Quero escapar à frieza. O hábito entranha-se na alma como a humidade se agarra à esponja. O âmago enche-se de um líquido espesso e cresce ao ponto de uma saturação gelada. O familiar passa fome e tu comes da fome que te olha. O amigo sente frio e tu sentes do frio que te cerca. O vizinho perde a cor para a doença e tu perdes a dignidade quando olhas para o lado. O desempregado verte as lágrimas e tu vertes a ostentação de cada vez que te cruzas com ele no elevador quando vais... trabalhar. Entras na frutaria e alguém sofre por te ver entrar na frutaria e por saber que não pode comprar uma peça de fruta. Entras no hospital e alguém sofre por te ver entrar no hospital quando sabe que não pode amenizar a dor da sua doença porque não consegue pagar a taxa moderadora. Entras no teu emprego e alguém sofre por te ver entrar no teu emprego porque precisaria de ter um emprego , um modo de subsistência, e não há forma de o conseguir.

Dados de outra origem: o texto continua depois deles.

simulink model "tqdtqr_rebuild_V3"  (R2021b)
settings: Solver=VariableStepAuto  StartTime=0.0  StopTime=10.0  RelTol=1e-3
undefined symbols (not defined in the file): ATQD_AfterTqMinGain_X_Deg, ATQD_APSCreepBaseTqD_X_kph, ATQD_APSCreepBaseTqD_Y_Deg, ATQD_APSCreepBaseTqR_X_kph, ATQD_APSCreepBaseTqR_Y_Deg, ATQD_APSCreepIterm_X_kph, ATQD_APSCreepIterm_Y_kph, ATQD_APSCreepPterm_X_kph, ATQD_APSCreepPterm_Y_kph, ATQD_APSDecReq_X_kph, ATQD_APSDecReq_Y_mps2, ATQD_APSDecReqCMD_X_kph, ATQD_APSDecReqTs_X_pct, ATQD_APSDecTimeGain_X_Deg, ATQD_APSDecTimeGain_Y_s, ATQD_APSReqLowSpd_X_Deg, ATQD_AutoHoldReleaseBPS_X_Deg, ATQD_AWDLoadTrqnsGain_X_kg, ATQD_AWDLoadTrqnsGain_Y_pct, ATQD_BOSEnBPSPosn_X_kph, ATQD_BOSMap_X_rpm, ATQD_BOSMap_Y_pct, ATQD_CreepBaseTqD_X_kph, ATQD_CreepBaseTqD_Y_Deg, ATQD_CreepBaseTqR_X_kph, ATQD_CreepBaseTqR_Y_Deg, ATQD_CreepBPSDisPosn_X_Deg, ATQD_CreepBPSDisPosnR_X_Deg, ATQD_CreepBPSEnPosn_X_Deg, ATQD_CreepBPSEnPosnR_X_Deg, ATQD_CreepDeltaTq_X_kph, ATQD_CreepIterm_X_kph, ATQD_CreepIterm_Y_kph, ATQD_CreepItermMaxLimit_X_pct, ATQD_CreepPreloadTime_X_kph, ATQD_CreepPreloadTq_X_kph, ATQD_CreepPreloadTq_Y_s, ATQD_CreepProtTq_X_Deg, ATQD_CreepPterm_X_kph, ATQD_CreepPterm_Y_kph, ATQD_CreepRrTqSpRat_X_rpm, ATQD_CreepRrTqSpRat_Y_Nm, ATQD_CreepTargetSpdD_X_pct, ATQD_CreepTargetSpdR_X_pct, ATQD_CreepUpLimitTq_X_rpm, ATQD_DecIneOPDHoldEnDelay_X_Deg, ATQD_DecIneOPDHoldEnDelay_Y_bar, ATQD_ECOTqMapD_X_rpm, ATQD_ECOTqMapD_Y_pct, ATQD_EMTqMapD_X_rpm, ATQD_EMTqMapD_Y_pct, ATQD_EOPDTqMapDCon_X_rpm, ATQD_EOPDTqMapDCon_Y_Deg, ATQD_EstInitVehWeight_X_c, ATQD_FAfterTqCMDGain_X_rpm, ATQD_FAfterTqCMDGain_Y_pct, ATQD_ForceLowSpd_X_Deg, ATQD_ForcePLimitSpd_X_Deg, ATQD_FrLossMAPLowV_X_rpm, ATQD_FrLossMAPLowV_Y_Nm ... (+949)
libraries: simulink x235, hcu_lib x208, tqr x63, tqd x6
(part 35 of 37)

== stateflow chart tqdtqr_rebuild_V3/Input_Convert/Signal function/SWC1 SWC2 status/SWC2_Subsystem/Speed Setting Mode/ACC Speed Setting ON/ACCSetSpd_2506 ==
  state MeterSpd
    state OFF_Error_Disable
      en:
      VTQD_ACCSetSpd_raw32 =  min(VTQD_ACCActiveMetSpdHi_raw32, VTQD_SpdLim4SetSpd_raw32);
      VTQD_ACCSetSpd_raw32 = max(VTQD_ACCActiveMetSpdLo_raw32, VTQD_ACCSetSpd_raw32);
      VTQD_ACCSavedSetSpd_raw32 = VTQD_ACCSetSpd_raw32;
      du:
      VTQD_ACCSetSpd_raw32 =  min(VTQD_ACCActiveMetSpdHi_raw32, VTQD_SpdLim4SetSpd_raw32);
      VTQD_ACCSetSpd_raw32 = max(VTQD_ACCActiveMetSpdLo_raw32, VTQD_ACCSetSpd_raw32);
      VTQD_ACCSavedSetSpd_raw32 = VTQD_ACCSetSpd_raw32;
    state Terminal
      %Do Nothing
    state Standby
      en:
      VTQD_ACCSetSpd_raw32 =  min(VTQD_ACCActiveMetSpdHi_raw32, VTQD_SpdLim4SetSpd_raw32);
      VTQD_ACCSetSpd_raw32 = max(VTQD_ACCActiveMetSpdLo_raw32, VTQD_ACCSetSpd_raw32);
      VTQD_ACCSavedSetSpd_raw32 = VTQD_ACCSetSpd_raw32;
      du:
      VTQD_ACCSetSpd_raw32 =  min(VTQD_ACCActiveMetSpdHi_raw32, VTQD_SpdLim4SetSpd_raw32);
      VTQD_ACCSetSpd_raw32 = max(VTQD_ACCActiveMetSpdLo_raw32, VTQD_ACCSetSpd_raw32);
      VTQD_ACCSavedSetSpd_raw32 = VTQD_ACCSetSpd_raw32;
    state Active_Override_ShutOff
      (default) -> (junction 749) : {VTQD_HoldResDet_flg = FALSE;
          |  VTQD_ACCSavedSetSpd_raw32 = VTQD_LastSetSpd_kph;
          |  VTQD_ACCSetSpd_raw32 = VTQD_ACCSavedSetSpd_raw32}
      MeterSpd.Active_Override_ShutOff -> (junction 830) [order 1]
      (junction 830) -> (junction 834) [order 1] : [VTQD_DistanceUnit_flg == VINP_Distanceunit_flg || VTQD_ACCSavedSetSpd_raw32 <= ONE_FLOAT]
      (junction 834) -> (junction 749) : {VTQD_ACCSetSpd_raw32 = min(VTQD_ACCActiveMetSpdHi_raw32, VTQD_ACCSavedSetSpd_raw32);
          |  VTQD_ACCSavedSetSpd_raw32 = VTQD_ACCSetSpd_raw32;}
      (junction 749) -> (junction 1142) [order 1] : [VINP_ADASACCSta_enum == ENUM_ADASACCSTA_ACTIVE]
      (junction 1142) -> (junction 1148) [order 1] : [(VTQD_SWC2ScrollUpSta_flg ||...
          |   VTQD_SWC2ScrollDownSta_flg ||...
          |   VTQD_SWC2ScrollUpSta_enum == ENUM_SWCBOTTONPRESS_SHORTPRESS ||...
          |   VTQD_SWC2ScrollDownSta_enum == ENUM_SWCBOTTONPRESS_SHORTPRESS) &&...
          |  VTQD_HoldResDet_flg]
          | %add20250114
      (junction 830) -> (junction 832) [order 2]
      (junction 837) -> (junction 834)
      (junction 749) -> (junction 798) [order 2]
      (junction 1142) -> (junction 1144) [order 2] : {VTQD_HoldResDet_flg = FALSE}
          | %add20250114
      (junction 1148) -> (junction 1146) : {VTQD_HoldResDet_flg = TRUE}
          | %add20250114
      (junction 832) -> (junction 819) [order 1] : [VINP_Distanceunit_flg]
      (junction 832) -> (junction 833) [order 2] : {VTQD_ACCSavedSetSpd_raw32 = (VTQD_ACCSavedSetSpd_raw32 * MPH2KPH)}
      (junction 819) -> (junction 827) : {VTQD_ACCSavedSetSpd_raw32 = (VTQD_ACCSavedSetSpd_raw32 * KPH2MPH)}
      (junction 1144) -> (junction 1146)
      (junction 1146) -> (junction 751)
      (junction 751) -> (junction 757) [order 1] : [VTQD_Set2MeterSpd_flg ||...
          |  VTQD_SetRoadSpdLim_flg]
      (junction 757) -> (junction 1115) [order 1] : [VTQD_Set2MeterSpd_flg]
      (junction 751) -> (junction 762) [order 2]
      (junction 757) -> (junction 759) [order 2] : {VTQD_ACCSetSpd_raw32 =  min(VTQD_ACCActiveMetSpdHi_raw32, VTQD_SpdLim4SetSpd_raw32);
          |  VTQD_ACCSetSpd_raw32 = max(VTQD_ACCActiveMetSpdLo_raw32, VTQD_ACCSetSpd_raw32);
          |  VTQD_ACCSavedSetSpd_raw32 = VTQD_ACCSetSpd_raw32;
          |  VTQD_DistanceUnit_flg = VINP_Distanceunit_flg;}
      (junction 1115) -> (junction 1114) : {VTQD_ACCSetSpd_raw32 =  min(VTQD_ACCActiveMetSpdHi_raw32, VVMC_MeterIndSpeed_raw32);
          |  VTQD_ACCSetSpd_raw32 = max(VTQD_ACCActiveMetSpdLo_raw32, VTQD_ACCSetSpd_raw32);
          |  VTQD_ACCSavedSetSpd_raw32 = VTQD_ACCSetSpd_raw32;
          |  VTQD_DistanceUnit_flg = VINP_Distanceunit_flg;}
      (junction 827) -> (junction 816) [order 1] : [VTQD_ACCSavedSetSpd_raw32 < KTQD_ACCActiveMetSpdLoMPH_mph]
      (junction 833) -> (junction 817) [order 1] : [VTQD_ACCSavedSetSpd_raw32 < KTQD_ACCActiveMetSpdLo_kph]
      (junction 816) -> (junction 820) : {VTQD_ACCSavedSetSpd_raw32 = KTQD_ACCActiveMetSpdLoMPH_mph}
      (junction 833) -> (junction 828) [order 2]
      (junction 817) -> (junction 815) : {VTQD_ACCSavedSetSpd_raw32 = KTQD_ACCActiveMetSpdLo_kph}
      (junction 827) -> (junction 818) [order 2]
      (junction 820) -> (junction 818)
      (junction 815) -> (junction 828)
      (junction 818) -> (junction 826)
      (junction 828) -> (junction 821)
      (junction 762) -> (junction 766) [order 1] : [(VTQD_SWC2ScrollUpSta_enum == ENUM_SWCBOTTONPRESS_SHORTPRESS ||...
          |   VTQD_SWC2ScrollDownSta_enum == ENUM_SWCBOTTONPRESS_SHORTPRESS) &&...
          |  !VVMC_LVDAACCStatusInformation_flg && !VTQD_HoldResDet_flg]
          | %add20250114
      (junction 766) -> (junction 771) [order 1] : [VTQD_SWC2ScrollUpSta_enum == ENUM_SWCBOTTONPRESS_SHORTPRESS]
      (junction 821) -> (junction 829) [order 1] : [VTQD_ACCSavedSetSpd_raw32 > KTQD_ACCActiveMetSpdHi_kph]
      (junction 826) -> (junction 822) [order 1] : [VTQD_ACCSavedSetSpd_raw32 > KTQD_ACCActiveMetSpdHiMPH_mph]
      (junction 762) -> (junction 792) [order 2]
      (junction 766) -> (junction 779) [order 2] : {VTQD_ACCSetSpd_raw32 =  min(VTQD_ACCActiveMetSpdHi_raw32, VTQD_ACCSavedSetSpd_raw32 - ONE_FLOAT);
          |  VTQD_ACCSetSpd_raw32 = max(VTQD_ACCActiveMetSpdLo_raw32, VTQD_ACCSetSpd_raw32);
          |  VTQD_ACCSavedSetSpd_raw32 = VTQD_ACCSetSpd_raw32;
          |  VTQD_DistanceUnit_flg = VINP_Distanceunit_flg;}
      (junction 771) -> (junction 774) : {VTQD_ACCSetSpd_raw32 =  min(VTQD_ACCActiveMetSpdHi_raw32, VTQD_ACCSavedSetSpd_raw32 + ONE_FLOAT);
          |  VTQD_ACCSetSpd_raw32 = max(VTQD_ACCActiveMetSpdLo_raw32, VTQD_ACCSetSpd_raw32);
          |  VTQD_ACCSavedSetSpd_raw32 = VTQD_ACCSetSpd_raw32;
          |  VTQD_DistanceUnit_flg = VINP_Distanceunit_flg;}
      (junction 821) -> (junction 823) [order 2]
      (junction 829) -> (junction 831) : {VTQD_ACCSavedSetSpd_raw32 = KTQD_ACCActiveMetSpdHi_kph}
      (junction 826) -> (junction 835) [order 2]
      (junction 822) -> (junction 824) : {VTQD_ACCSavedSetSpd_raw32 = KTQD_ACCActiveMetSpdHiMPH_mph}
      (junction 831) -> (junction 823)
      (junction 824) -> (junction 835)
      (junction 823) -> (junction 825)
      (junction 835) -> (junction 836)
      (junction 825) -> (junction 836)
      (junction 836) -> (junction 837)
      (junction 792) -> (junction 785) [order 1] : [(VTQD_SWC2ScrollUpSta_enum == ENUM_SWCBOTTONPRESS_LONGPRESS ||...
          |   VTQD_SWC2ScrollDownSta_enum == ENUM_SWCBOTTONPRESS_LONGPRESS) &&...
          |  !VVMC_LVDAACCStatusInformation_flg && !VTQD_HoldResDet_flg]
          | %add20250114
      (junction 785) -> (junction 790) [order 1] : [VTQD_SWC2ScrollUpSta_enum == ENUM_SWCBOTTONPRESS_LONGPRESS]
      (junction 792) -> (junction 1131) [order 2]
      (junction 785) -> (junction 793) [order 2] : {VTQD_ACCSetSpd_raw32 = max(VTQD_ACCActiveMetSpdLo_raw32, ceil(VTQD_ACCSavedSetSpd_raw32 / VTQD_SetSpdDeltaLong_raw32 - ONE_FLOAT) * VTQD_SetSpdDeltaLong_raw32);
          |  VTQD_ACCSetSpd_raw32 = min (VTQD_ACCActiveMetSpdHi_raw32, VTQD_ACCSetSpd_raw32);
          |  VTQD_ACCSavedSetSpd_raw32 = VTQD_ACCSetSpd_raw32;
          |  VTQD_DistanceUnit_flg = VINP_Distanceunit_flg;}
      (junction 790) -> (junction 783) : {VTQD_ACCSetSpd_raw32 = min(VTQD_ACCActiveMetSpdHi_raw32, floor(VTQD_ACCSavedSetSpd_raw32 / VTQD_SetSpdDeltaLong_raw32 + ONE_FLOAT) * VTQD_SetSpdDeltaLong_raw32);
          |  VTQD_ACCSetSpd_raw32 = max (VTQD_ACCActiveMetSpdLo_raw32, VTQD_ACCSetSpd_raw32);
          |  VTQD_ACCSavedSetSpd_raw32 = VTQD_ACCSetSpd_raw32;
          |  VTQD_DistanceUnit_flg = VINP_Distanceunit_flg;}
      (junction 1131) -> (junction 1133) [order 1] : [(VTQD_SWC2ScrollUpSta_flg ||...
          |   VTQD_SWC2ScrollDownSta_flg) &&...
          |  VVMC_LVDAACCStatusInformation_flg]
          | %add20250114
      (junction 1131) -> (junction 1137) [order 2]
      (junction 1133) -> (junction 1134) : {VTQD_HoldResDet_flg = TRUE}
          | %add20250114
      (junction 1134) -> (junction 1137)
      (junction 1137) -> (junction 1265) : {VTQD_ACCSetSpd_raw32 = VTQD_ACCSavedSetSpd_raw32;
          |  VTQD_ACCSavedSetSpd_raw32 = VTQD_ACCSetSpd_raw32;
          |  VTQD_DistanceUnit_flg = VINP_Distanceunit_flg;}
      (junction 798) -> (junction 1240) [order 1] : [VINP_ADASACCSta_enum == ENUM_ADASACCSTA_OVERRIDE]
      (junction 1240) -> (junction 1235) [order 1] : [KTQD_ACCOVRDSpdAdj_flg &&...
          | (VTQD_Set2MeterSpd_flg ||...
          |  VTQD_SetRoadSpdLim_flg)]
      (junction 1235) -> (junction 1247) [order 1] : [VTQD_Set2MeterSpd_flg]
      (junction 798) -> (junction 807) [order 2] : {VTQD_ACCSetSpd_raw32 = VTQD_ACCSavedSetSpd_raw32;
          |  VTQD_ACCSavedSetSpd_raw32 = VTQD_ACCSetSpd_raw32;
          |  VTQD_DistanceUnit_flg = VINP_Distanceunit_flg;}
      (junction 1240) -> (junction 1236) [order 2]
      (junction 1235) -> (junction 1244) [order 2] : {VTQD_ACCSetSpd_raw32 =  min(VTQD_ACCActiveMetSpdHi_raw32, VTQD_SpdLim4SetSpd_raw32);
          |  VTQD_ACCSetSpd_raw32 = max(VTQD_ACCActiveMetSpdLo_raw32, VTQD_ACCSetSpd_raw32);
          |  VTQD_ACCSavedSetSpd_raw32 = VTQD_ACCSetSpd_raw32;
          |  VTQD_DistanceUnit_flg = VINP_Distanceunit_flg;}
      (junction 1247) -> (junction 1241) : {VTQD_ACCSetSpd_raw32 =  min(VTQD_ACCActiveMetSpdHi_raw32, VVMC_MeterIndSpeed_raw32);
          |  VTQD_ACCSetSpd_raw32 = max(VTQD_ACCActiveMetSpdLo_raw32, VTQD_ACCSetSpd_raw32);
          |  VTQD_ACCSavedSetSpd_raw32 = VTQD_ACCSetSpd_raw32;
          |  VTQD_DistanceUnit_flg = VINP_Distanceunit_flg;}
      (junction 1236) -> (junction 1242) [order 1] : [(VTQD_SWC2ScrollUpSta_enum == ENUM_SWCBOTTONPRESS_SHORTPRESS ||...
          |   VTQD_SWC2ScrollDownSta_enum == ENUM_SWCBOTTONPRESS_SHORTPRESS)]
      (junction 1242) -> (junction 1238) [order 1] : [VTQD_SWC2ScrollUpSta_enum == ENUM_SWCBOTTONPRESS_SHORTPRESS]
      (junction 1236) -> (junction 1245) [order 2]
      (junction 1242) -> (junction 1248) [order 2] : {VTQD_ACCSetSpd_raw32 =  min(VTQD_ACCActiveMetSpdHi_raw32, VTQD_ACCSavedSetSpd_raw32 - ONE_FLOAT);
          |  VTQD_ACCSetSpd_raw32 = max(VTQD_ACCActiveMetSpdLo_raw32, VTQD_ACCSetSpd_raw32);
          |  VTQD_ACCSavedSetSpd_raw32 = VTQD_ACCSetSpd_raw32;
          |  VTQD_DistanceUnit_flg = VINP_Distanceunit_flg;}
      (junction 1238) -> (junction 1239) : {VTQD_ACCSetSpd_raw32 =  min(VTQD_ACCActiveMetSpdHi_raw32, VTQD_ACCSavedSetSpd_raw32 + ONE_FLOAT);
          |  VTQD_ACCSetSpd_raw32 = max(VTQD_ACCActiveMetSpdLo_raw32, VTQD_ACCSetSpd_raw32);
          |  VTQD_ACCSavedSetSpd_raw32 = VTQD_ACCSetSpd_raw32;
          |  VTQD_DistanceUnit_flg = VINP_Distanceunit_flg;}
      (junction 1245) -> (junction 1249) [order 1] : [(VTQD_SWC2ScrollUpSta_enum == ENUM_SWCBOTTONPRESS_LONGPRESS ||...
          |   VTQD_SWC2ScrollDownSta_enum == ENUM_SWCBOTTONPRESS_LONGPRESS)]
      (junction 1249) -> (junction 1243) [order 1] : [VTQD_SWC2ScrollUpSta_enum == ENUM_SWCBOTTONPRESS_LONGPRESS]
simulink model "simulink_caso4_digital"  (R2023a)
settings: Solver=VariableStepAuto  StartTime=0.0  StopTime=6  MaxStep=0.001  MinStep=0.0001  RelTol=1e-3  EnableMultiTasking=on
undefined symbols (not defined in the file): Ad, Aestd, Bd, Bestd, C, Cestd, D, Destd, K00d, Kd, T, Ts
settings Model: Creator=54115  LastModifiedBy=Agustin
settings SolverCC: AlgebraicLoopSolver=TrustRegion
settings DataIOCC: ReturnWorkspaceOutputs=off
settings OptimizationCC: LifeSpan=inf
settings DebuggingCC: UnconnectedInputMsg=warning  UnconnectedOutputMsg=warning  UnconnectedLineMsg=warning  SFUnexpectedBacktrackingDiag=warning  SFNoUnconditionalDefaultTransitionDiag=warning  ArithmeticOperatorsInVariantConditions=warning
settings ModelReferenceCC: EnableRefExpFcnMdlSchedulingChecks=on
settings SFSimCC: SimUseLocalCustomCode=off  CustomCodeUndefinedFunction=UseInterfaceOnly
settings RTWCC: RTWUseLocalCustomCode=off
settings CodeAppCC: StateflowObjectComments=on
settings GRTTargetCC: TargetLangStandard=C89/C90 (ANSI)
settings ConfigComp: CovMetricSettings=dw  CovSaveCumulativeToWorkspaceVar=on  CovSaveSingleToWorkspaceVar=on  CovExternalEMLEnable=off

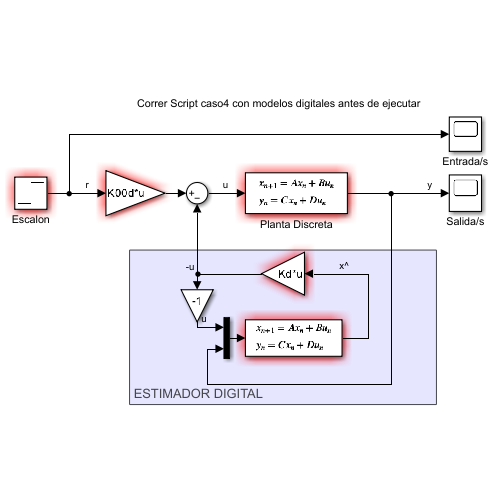
[thumbnail: Simulink's stored preview of the top-level diagram]
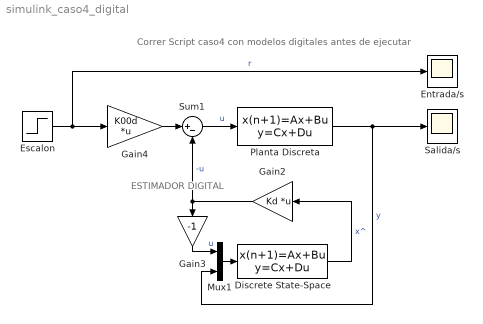
== system simulink_caso4_digital ==
  note: ESTIMADOR DIGITAL
  note: Correr Script caso4 con modelos digitales antes de ejecutar
  Discrete State-Space : DiscreteStateSpace  A=Aestd  B=Bestd  C=Cestd  D=Destd  SampleTime=Ts
  Entrada/s : Scope
  Escalon : Step  Time=0  SampleTime=Ts
  Gain2 : Gain  Gain=Kd  Multiplication=Matrix(K*u)
  Gain3 : Gain  Gain=-1
  Gain4 : Gain  Gain=K00d  Multiplication=Matrix(K*u)
  Mux1 : Mux  Inputs=2
  Planta Discreta : DiscreteStateSpace  A=Ad  B=Bd  C=C  D=D  SampleTime=T
  Salida/s : Scope
  Sum1 : Sum  Inputs=|+-
  wires:
  Discrete State-Space/1 -> Gain2/1  "x^"
  Sum1/1 -> Planta Discreta/1  "u"
  Escalon/1 -> Entrada/s/1, Gain4/1  "r"
  Gain4/1 -> Sum1/1
  Mux1/1 -> Discrete State-Space/1
  Planta Discreta/1 -> Mux1/2, Salida/s/1  "y"
  Gain2/1 -> Gain3/1, Sum1/2  "-u"
  Gain3/1 -> Mux1/1  "u"

Quero escapar à frieza, sentir nos afectos que vêm de longe a infância de um toque de humanidade. Quero espremer o meu coração e vê-lo derramar a humidade ingénua de quem não se esquece da origem e do comum. Somos sangue, todos sangue, todos rubro, todos com as mesmas necessidades básicas, o mesmo fôlego, o mesmo ímpeto, o mesmo calor, a mesma fome, a mesma sede, a mesma carência no encalço de um amparo, um simples conforto: uma palavra. ( um silêncio.)
Quero manter-me humana. Quero ser digna de ter nascido humana. Quero ser digna de um dia morrer com este dever de humanidade cumprido. (Reg.)